Thursday, October 6, 2011

A Woman Under the Influence

1974, 155m, John Cassevetes

A family is a machine in which the family members like machine parts inter-mesh to produce effects between themselves and outwards. Variegation is the rule with families as with individuals. Tolstoi famously said that unhappy families are all unique. Dysfunctionality has a million hues and we are presented with a meticulously etched specimen.

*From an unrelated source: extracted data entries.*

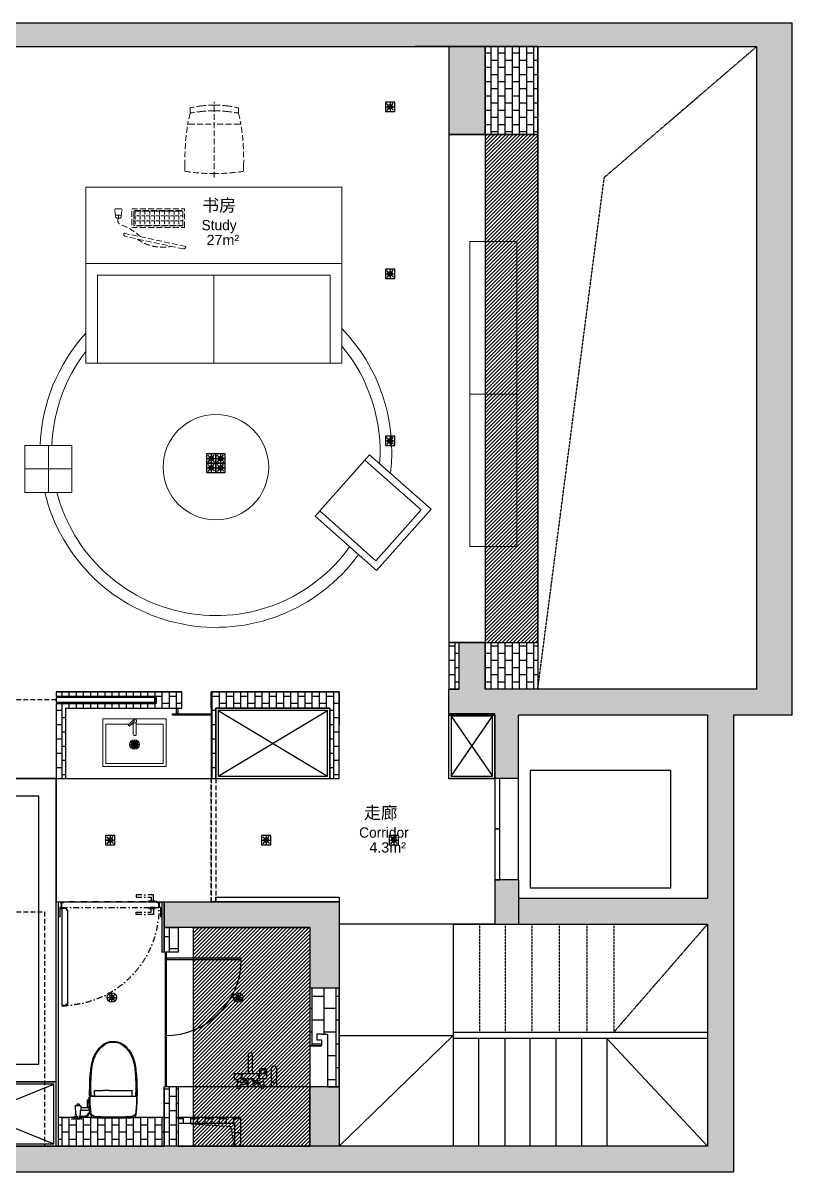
# Model space of a CAD drawing. Header units: millimetres. Extents: x -108767 to 78913, y -380878 to 1470.
# Drawn here: x -48354 to -41796, y -175715 to -165912 of the extents above; entities that cross this region are included whole.
import ezdxf
from ezdxf.enums import TextEntityAlignment as Align

# ---------------------------------------------------------------- set-up
doc = ezdxf.new("R2010")
doc.units = ezdxf.units.MM
doc.header["$LTSCALE"] = 10
for name, pattern in [('DASH', [0.35, 0.25, -0.1]), ('DASHDOT', [1, 0.5, -0.25, 0, -0.25]), ('DASHED', [0.75, 0.5, -0.25])]:
    doc.linetypes.add(name, pattern=pattern)
for name, color, linetype in [('000墙体', 4, 'Continuous'), ('001增减墙体', 147, 'Continuous'), ('008天花灯具', 31, 'Continuous'), ('012到顶家具', 55, 'Continuous'), ('01平-洁具', 137, 'Continuous'), ('021洁具', 146, 'Continuous'), ('3-New Window', 4, 'Continuous'), ('DOOR', 60, 'Continuous'), ('FF-TEXT', 50, 'Continuous'), ('NW-01-wall(原有墙体)', 255, 'Continuous'), ('NW-02-free(活动家具)', 241, 'Continuous'), ('NW-02-厨卫具', 44, 'Continuous'), ('wipess', 8, 'Continuous')]:
    doc.layers.add(name, color=color, linetype=linetype)
doc.layers.add('活动家具', color=34, linetype='Continuous', lineweight=18)
doc.styles.add('ARIAL', font='arial.ttf')
doc.styles.add('CCD-HB', font='hbsmall.shx')
doc.styles.add('STO', font='')
doc.styles.get('STO').set_extended_font_data('SimSun')
pattern_1 = [(90, (-70270.71, -180008.13), (-60.96, 4e-15), []), (180, (-70270.71, -180008.13), (-60.96, -60.96), [60.96, -60.96])]
pattern_2 = [(45, (-70270.71, -180008.131), (-15.715448, 15.715448), [])]
pattern_3 = [(90, (-70270.71, -180008.13), (-101.6, 6e-15), []), (180, (-70270.71, -180008.13), (-101.6, -101.6), [101.6, -101.6])]

# ---------------------------------------------------------------- blocks, each defined once
blk = doc.blocks.new('2.7_C-001')
at = {"color": 8}
for p, q in [((-11.05, -0.22), (-10.82, 0)), ((-9.17, 0), (-10.82, 0)), ((9.17, 0), (10.82, 0)), ((11.05, -0.22), (10.82, 0)), ((-13.55, -7.65), (-13.55, -12.68)), ((-13.4, -7.5), (-10.1, -7.5)), ((-11.05, -1.4), (-12.3, -1.4)), ((-12.3, -1.4), (-12.3, -1.48)), ((-12.21, -1.68), (-11.41, -2.35)), ((-11.47, -5.1), (-11.47, -2.9)), ((-11.05, -2.8), (-11.37, -2.8)), ((-11.21, -5.2), (-11.37, -5.2)), ((-11.05, -2.4), (-11.28, -2.4)), ((-11.23, -5.2), (-11.23, -5.2)), ((-11.23, -5.2), (-11.2, -5.2)), ((-11.2, -5.65), (-11.2, -5.2)), ((-11.05, -1.4), (-11.05, -0.22)), ((-11.05, -2.8), (-11.05, -2.4)), ((-8.95, -5.8), (-11.05, -5.8)), ((-10.05, -7.55), (-10.05, -8.17)), ((-9.75, -8.47), (-7.15, -8.47)), ((-8.95, -0.22), (-9.17, 0)), ((-8.95, -1.4), (-8.95, -0.22)), ((-7.7, -1.4), (-8.95, -1.4)), ((-8.72, -2.4), (-8.95, -2.4)), ((-8.95, -2.4), (-8.95, -2.8)), ((-8.62, -2.8), (-8.95, -2.8)), ((-8.8, -5.65), (-8.8, -5.2)), ((-5.78, -5.2), (-8.8, -5.2)), ((-7.79, -1.68), (-8.59, -2.35)), ((-7.88, -3.7), (-4.5, -3.7)), ((-7.7, -1.4), (-7.7, -1.48)), ((-7.55, -8.47), (-7.55, -12.83)), ((-7.15, -8.47), (-7.15, -12.83)), ((-7.15, -8.49), (-5.9, -8.49)), ((-6.2, -5.54), (-6.03, -5.44)), ((-6.2, -6.69), (-6.2, -5.54)), ((-6.03, -6.79), (-6.2, -6.69)), ((-2.98, -5.44), (-6.03, -5.44)), ((-2.98, -6.79), (-6.03, -6.79)), ((-5.9, -6.79), (-5.9, -8.49)), ((-3.1, -8.15), (-5.9, -8.15)), ((-5.78, -5.44), (-5.78, -5.2)), ((-3.12, -5.2), (-3.21, -5.2)), ((-3.21, -5.2), (-3.21, -5.44)), ((-3.1, -6.79), (-3.1, -6.79)), ((-3.1, -6.79), (-3.1, -8.49)), ((-3.1, -8.49), (-0.98, -8.49)), ((-3.02, -4.09), (-3.02, -5.1)), ((-2.98, -5.44), (-2.8, -5.54)), ((-2.8, -6.69), (-2.98, -6.79)), ((-2.8, -5.54), (-2.8, -6.69)), ((2.09, -1.4), (-2.09, -1.4)), ((-1.1, -7.52), (-0.88, -7.65)), ((-0.88, -8.39), (-0.88, -7.65)), ((-0.88, -8.15), (0.88, -8.15)), ((0.88, -7.65), (1.1, -7.52)), ((0.88, -8.39), (0.88, -7.65)), ((0.97, -8.49), (3.1, -8.49)), ((2.98, -5.44), (2.8, -5.54)), ((2.8, -5.54), (2.8, -6.69)), ((2.8, -6.69), (2.98, -6.79)), ((2.98, -5.44), (6.02, -5.44)), ((2.98, -6.79), (6.02, -6.79)), ((3.02, -4.09), (3.02, -5.1)), ((3.1, -6.79), (3.1, -6.79)), ((3.1, -6.79), (3.1, -8.49)), ((3.12, -5.2), (3.21, -5.2)), ((3.21, -5.2), (3.21, -5.44)), ((7.88, -3.7), (4.5, -3.7)), ((5.78, -5.2), (8.8, -5.2)), ((5.78, -5.44), (5.78, -5.2)), ((5.9, -6.79), (5.9, -8.49)), ((5.9, -8.49), (7.35, -8.49)), ((6.2, -5.54), (6.02, -5.44)), ((6.02, -6.79), (6.2, -6.69)), ((6.2, -6.69), (6.2, -5.54)), ((7, -8.49), (7, -12.81)), ((7.34, -8.59), (7.35, -8.59)), ((7.34, -8.62), (7.35, -8.62)), ((7.35, -8.47), (13.6, -8.47)), ((7.35, -12.81), (7.35, -8.47)), ((7.7, -1.4), (8.95, -1.4)), ((7.7, -1.4), (7.7, -1.48)), ((7.79, -1.68), (8.59, -2.35)), ((8.62, -2.8), (8.95, -2.8)), ((8.72, -2.4), (8.95, -2.4)), ((8.8, -5.65), (8.8, -5.2)), ((8.95, -0.22), (9.17, 0)), ((8.95, -1.4), (8.95, -0.22)), ((8.95, -2.4), (8.95, -2.8)), ((8.95, -5.8), (11.05, -5.8)), ((11.05, -1.4), (11.05, -0.22)), ((11.05, -1.4), (12.3, -1.4)), ((11.05, -2.4), (11.28, -2.4)), ((11.05, -2.8), (11.05, -2.4)), ((11.05, -2.8), (11.37, -2.8)), ((11.2, -5.65), (11.2, -5.2)), ((11.22, -5.2), (11.2, -5.2)), ((11.21, -5.2), (11.37, -5.2)), ((11.22, -5.2), (11.22, -5.2)), ((12.21, -1.68), (11.41, -2.35)), ((11.47, -5.1), (11.47, -2.9)), ((12.3, -1.4), (12.3, -1.48)), ((13.6, -15.96), (13.6, -8.47)), ((22.09, -1.4), (17.91, -1.4)), ((-13.4, -12.83), (-7.15, -12.83)), ((-9.07, -12.02), (-10.26, -12.02)), ((-10.26, -12.49), (-10.26, -12.02)), ((-9.07, -12.49), (-9.07, -12.02)), ((-7.6, -12.83), (-7.6, -12.83)), ((-7.15, -12.81), (7.65, -12.81)), ((-1.65, -12.81), (-1.65, -29.65)), ((1.65, -12.81), (1.65, -29.65)), ((6.21, -12.81), (6.22, -12.81)), ((7.34, -12.68), (7.35, -12.68)), ((7.34, -12.71), (7.35, -12.71)), ((7.65, -15.95), (7.65, -10.88)), ((8.75, -15.41), (8.75, -13.31)), ((9.2, -12.86), (12.05, -12.86)), ((12.5, -15.41), (12.5, -13.31))]:
    blk.add_line(p, q, dxfattribs=at)
blk.add_lwpolyline([(18.04, -6.68, 0.033424), (17.94, -17.49)], format="xyb", dxfattribs=at)
blk.add_polyline3d([(21.96, -6.68, 0), (21.96, -6.63, 0), (21.96, -6.58, 0), (21.95, -6.52, 0), (21.95, -6.47, 0), (21.94, -6.42, 0), (21.94, -6.37, 0), (21.93, -6.32, 0), (21.92, -6.27, 0), (21.91, -6.22, 0), (21.9, -6.17, 0), (21.89, -6.12, 0), (21.88, -6.07, 0), (21.86, -6.02, 0), (21.84, -5.97, 0), (21.83, -5.93, 0), (21.81, -5.88, 0), (21.79, -5.83, 0), (21.77, -5.78, 0), (21.75, -5.74, 0), (21.73, -5.69, 0), (21.7, -5.65, 0), (21.68, -5.6, 0), (21.66, -5.56, 0), (21.63, -5.52, 0), (21.6, -5.47, 0), (21.57, -5.43, 0), (21.54, -5.39, 0), (21.51, -5.35, 0), (21.48, -5.31, 0), (21.45, -5.27, 0), (21.42, -5.24, 0), (21.39, -5.2, 0), (21.35, -5.16, 0), (21.32, -5.13, 0), (21.28, -5.1, 0), (21.24, -5.06, 0), (21.21, -5.03, 0), (21.17, -5, 0), (21.13, -4.97, 0), (21.09, -4.94, 0), (21.05, -4.91, 0), (21.01, -4.89, 0), (20.97, -4.86, 0), (20.92, -4.84, 0), (20.88, -4.81, 0), (20.84, -4.79, 0), (20.79, -4.77, 0), (20.75, -4.75, 0), (20.71, -4.73, 0), (20.66, -4.71, 0), (20.61, -4.69, 0), (20.57, -4.68, 0), (20.52, -4.66, 0), (20.48, -4.65, 0), (20.43, -4.64, 0), (20.38, -4.63, 0), (20.33, -4.62, 0), (20.29, -4.61, 0), (20.24, -4.6, 0), (20.19, -4.6, 0), (20.14, -4.59, 0), (20.1, -4.59, 0), (20.05, -4.59, 0), (20, -4.59, 0), (19.95, -4.59, 0), (19.9, -4.59, 0), (19.86, -4.59, 0), (19.81, -4.6, 0), (19.76, -4.6, 0), (19.71, -4.61, 0), (19.67, -4.62, 0), (19.62, -4.63, 0), (19.57, -4.64, 0), (19.52, -4.65, 0), (19.48, -4.66, 0), (19.43, -4.68, 0), (19.39, -4.69, 0), (19.34, -4.71, 0), (19.29, -4.73, 0), (19.25, -4.75, 0), (19.21, -4.77, 0), (19.16, -4.79, 0), (19.12, -4.81, 0), (19.08, -4.84, 0), (19.03, -4.86, 0), (18.99, -4.89, 0), (18.95, -4.91, 0), (18.91, -4.94, 0), (18.87, -4.97, 0), (18.83, -5, 0), (18.79, -5.03, 0), (18.76, -5.06, 0), (18.72, -5.1, 0), (18.68, -5.13, 0), (18.65, -5.16, 0), (18.61, -5.2, 0), (18.58, -5.24, 0), (18.55, -5.27, 0), (18.52, -5.31, 0), (18.49, -5.35, 0), (18.46, -5.39, 0), (18.43, -5.43, 0), (18.4, -5.47, 0), (18.37, -5.52, 0), (18.34, -5.56, 0), (18.32, -5.6, 0), (18.3, -5.65, 0), (18.27, -5.69, 0), (18.25, -5.74, 0), (18.23, -5.78, 0), (18.21, -5.83, 0), (18.19, -5.88, 0), (18.17, -5.93, 0), (18.16, -5.97, 0), (18.14, -6.02, 0), (18.13, -6.07, 0), (18.11, -6.12, 0), (18.1, -6.17, 0), (18.09, -6.22, 0), (18.08, -6.27, 0), (18.07, -6.32, 0), (18.06, -6.37, 0), (18.06, -6.42, 0), (18.05, -6.47, 0), (18.05, -6.52, 0), (18.04, -6.58, 0), (18.04, -6.63, 0), (18.04, -6.68, 0)], dxfattribs=at)
for centre, radius, start, end in [((-13.4, -7.65), 0.15, 90, 180), ((-12.05, -1.48), 0.25, 180, 229.89909), ((-11.37, -2.9), 0.1, 89.99679, 179.99679), ((-11.37, -5.1), 0.1, 179.99679, 269.99679), ((-11.28, -2.2), 0.2, 229.89909, 270), ((-11.05, -5.65), 0.15, 180, 270), ((-10.1, -7.55), 0.05, 0, 90), ((-9.75, -8.17), 0.3, 180, 270), ((-8.95, -5.65), 0.15, 270, 0), ((-8.72, -2.2), 0.2, 270, 310.10091), ((-8.62, -2.9), 0.1, 4.90859, 89.99679), ((-7.59, -2.81), 0.935, 184.90859, 251.86317), ((-7.95, -1.48), 0.25, 310.10091, 0), ((-4.5, -7.2), 3.5, 66.14252, 89.99679), ((-3.12, -5.1), 0.1, 267.1308, 359.99679), ((-3.12, -4.09), 0.1, 359.99679, 66.14252), ((36.96, -2.85), 39.08, 177.87332, 185.88182), ((-1.42, -6.8), 0.5, 185.88182, 231.87179), ((-1.36, -6.04), 1.22, 252.23211, 274.35187), ((0, -6.65), 1.4, 205.47727, 218.21262), ((-0.98, -8.39), 0.1, 270, 0), ((0.97, -8.39), 0.1, 180, 270), ((0, -6.65), 1.4, 321.78613, 334.5228), ((1.36, -6.04), 1.22, 265.64714, 287.76789), ((1.42, -6.8), 0.5, 308.12821, 354.11818), ((-36.96, -2.85), 39.08, 354.11818, 2.12668), ((3.12, -4.09), 0.1, 113.85748, 180.00321), ((3.12, -5.1), 0.1, 180.00321, 272.8692), ((4.5, -7.2), 3.5, 90.00321, 113.85748), ((7.95, -1.48), 0.25, 180, 229.89909), ((7.59, -2.81), 0.935, 288.13683, 355.09141), ((8.62, -2.9), 0.1, 90.00321, 175.09141), ((8.72, -2.2), 0.2, 229.89909, 270), ((8.95, -5.65), 0.15, 180, 270), ((11.05, -5.65), 0.15, 270, 0), ((11.28, -2.2), 0.2, 270, 310.10091), ((11.37, -2.9), 0.1, 0.00321, 90.00321), ((11.37, -5.1), 0.1, 270.00321, 0.00321), ((12.05, -1.48), 0.25, 310.10091, 0), ((56.96, -2.85), 39.08, 177.87332, 185.34798), ((-16.96, -2.85), 39.08, 354.65202, 2.12668), ((-58.73, -12.8), 80.93, 356.6814, 4.33868), ((-13.4, -12.68), 0.15, 180, 270), ((-10.18, -12.12), 0.0938, 209.03725, 252.30788), ((-10.18, -12.44), 0.0938, 209.03725, 252.30788), ((-9.91, -11.26), 1, 252.30788, 262.94591), ((-9.91, -11.58), 1, 252.30788, 262.94591), ((-9.66, -9.3), 2.98, 262.94591, 277.05409), ((-9.66, -9.62), 2.98, 262.94591, 277.05409), ((-9.42, -11.26), 1, 277.05409, 287.69212), ((-9.42, -11.58), 1, 277.05409, 287.69212), ((-9.15, -12.12), 0.0938, 287.69212, 330.96275), ((-9.15, -12.44), 0.0938, 287.69212, 330.96275), ((8.65, -15.95), 1, 180, 264.66736), ((10.65, 5.45), 22.5, 264.66736, 275.22415), ((9.2, -13.31), 0.45, 90, 180), ((9.25, -15.4), 0.5, 180, 265.97111), ((10.65, 4.45), 20.4, 265.97111, 273.89518), ((12, -15.4), 0.5, 273.89518, 360), ((12.05, -13.31), 0.45, 360, 90), ((12.6, -15.96), 1, 275.20866, 0), ((20, -17.25), 2.07, 186.55145, 353.44855), ((-0.95, -29.65), 0.7, 180, 261.18609), ((0, -23.52), 6.9, 261.18609, 278.81391), ((0.95, -29.65), 0.7, 278.81391, 0)]:
    blk.add_arc(centre, radius, start, end, dxfattribs=at)
blk = doc.blocks.new('FDSFADS')
at = {"layer": 'NW-02-free(活动家具)', "linetype": 'DASH', "lineweight": 5, "ltscale": 20}
for p, q in [((102362.3, 36773.2, 0), (102313.3, 36773.3, 0)), ((101821.2, 36728.9, 0), (101865.3, 36728.9, 0)), ((101865.3, 36728.9, 0), (101950.5, 36748.6, 0)), ((101960.3, 36738.7, 0), (101960, 36523, 0)), ((101960.3, 36307.3, 0), (101960, 36523, 0)), ((101821.2, 36317.1, 0), (101865.3, 36317.1, 0)), ((102362.3, 36272.9, 0), (102313.3, 36272.7, 0))]:
    blk.add_line(p, q, dxfattribs=at)
at = {"layer": 'NW-02-free(活动家具)', "color": 8, "linetype": 'DASH', "lineweight": 5, "ltscale": 20}
blk.add_line((102414.1, 36523, 0), (101769.9, 36523, 0), dxfattribs=at)
at = {"layer": 'NW-02-free(活动家具)', "linetype": 'DASH', "lineweight": 5, "ltscale": 20, "flags": 128}
for points in [[(102313.3, 36773.3), (102267.8, 36773.9), (102222.3, 36773.4), (102176.8, 36771.9), (102131.4, 36769.3), (102086, 36765.7), (102040.7, 36761), (101995.6, 36755.3), (101950.5, 36748.6)], [(102313.3, 36272.7), (102267.8, 36272.2), (102222.3, 36272.6), (102176.8, 36274.1), (102131.4, 36276.7), (102086, 36280.3), (102040.7, 36285), (101995.6, 36290.7), (101950.5, 36297.5)]]:
    blk.add_lwpolyline(points, dxfattribs=at)
at = {"layer": 'NW-02-free(活动家具)', "linetype": 'DASH', "lineweight": 5, "ltscale": 20, "elevation": 0, "flags": 128}
for points in [[(102362.3, 36773.2, -0.020776), (102377.3, 36647.3, -0.019643), (102381.9, 36523, -0.019643)], [(101803.7, 36625.9, -0.029501), (101821.2, 36728.9, -0.029501)], [(101851.4, 36623.1, -0.02489), (101865, 36719.4, -0.02489)], [(101798.2, 36523, -0.027499), (101803.7, 36625.7), (101803.7, 36625.9)], [(101847.4, 36523), (101847.4, 36527.3, -0.024151), (101851.4, 36622.9), (101851.4, 36623.1)], [(101798.2, 36523, 0.027491), (101803.7, 36420.3), (101803.7, 36420.2)], [(101847.4, 36523), (101847.4, 36518.7, 0.024151), (101851.4, 36423.2), (101851.4, 36423)], [(102362.3, 36272.9, 0.020788), (102377.3, 36398.8, 0.019646), (102381.9, 36523, 0.019646)], [(101803.7, 36420.2, 0.029501), (101821.2, 36317.1, 0.029501)], [(101851.4, 36423, 0.02489), (101865, 36326.7, 0.02489)]]:
    blk.add_lwpolyline(points, format="xyb", dxfattribs=at)
blk.add_lwpolyline([(101865.3, 36317.1), (101950.5, 36297.5)], dxfattribs=at)
at = {"layer": 'NW-02-free(活动家具)', "linetype": 'DASH', "lineweight": 5, "ltscale": 20}
for centre, start, end in [((101855.2, 36719.1, 0), 0, 90), ((101950.5, 36738.7, 0), 0, 90), ((101855.2, 36326.9, 0), 270, 0), ((101950.5, 36307.3, 0), 270, 0)]:
    blk.add_arc(centre, 9.81, start, end, dxfattribs=at)
blk = doc.blocks.new('A$C13656026')
at = {"layer": 'NW-02-free(活动家具)', "linetype": 'DASH', "lineweight": 5, "ltscale": 20}
h = blk.add_hatch(dxfattribs=at)
h.set_pattern_fill('ANGLE', color=8, scale=150, angle=180, style=0)
h.set_pattern_definition([(360, (-23760, -62246.25), (3e-11, 41.25), [30, -11.25]), (90, (-23760, -62246.25), (-41.25, 3e-11), [30, -11.25])])
h.paths.add_polyline_path([(-226.3, 27), (-226.3, -99), (189.7, -99), (189.7, 27)])
at = {"layer": 'NW-02-free(活动家具)', "color": 8, "linetype": 'DASH', "lineweight": 5, "ltscale": 20}
for p, q in [((-253.2, 205.9), (270.8, 93.7)), ((-234.2, 227.4), (265.5, 120.4)), ((297.2, -51.1), (292.2, -106.1)), ((296.3, -61.1), (348.1, -61.1)), ((312.2, -36.1), (332.2, -36.1)), ((319.7, -36.1), (319.7, -31.1)), ((319.7, -31.1), (324.7, -31.1)), ((322.2, -61.1), (322.2, -36.1)), ((324.7, -36.1), (324.7, -31.1)), ((347.2, -51.1), (352.2, -106.1)), ((302.2, -116.1), (342.2, -116.1))]:
    blk.add_line(p, q, dxfattribs=at)
at = {"layer": 'NW-02-free(活动家具)', "color": 8, "linetype": 'DASH', "lineweight": 5, "ltscale": 20, "flags": 128}
for points in [[(-242.2, 44), (-242.2, -116), (207.8, -116), (207.8, 44), (-242.2, 44)], [(-228.3, 29), (-228.3, -101), (191.7, -101), (191.7, 29), (-228.3, 29)], [(-226.3, 27), (-226.3, -99), (189.7, -99), (189.7, 27), (-226.3, 27)]]:
    blk.add_lwpolyline(points, dxfattribs=at)
at = {"layer": 'NW-02-free(活动家具)', "color": 8, "linetype": 'DASH', "lineweight": 5, "ltscale": 20}
for centre, radius, start, end in [((-229.8, 204.3), 23.6, 100.86903, 175.99651), ((-53.4, -148.4), 361.3, 53.73159, 102.08947), ((488.8, 516.8), 530.8, 227.85373, 248.65622), ((258, 105), 17.1, 318.32502, 64.10146), ((289.8, -13.9), 36.8, 331.98473, 80.90059), ((312.2, -51.1), 15, 90, 180), ((332.2, -51.1), 15, 0, 90), ((302.2, -106.1), 10, 180, 270), ((342.2, -106.1), 10, 270, 0)]:
    blk.add_arc(centre, radius, start, end, dxfattribs=at)
blk = doc.blocks.new('2.7_D-001')
at = {"layer": 'NW-02-厨卫具', "color": 8}
for points in [[(-35.5, 0, 0.414214), (-35, -0.5), (-29, -0.5, 0.414214), (-28.5, 0)], [(-28.72, -1.6, 0.07715), (-27.98, -1.37, 0.286127), (-27.25, -0.2), (-27.25, 0)], [(-33.25, -0.5), (-33.35, -1.62), (-33.35, -1.87), (-33.3, -2.16, 0.3601), (-33, -2.4), (-31, -2.4, 0.3601), (-30.7, -2.16), (-30.65, -1.87), (-30.65, -1.62), (-30.75, -0.5)], [(-31.06, -2.4), (-31.05, -2.7), (-31.3, -2.7), (-31.43, -2.77), (-31.43, -3.75, -0.414214), (-31.62, -3.95), (-31.75, -3.95, 0.414214), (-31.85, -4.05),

This film is about a family in which the two parents are severely disturbed even as they struggle with enormous effort to take care of their three children and each other. Love for the children is what spells their salvation from doom and despair. Somewhere down the story, the wife has to be committed for some time, but the tragi-comedy resumes on her return.  That they inhabit a brink of disaster becomes evident when the lady is upset enough to to try to do something to herself with a knife which is grappled loose resulting only in a bloody hand. It is as though they have a different sort of time, watchful and dangerous, where the inner house of cards has to be propped continuously to keep real peril at bay. The film ends on an uplifting note as it bypasses the possibility of tragedy. If there is a lesson, life itself is ultimate, and it is significant that the film affixes no demeaning labels.

2 comments:

Anonymous said...

I like the movie, though I should confirm how much I like it later. Cassavetes' films are a little bit acquired taste to me, but his best works grow on my mind after watching them. By the way, Looking back at this film, I wonder about how the children will reminisce about their parents. I think they will say they had very interesting childhood thanks to their never-boring parents.

S. M. Rana said...

This is his only one I have seen because I was intrigued by the subject matter. It is said that those who live in or close to privies stop noticing the bad smell in course of time. I think the situation depicted is one of uninterrupted suffering and the children would at bare minimum carry deep scars. But then life is so unencompassable, the worst soil can yield the best fruit.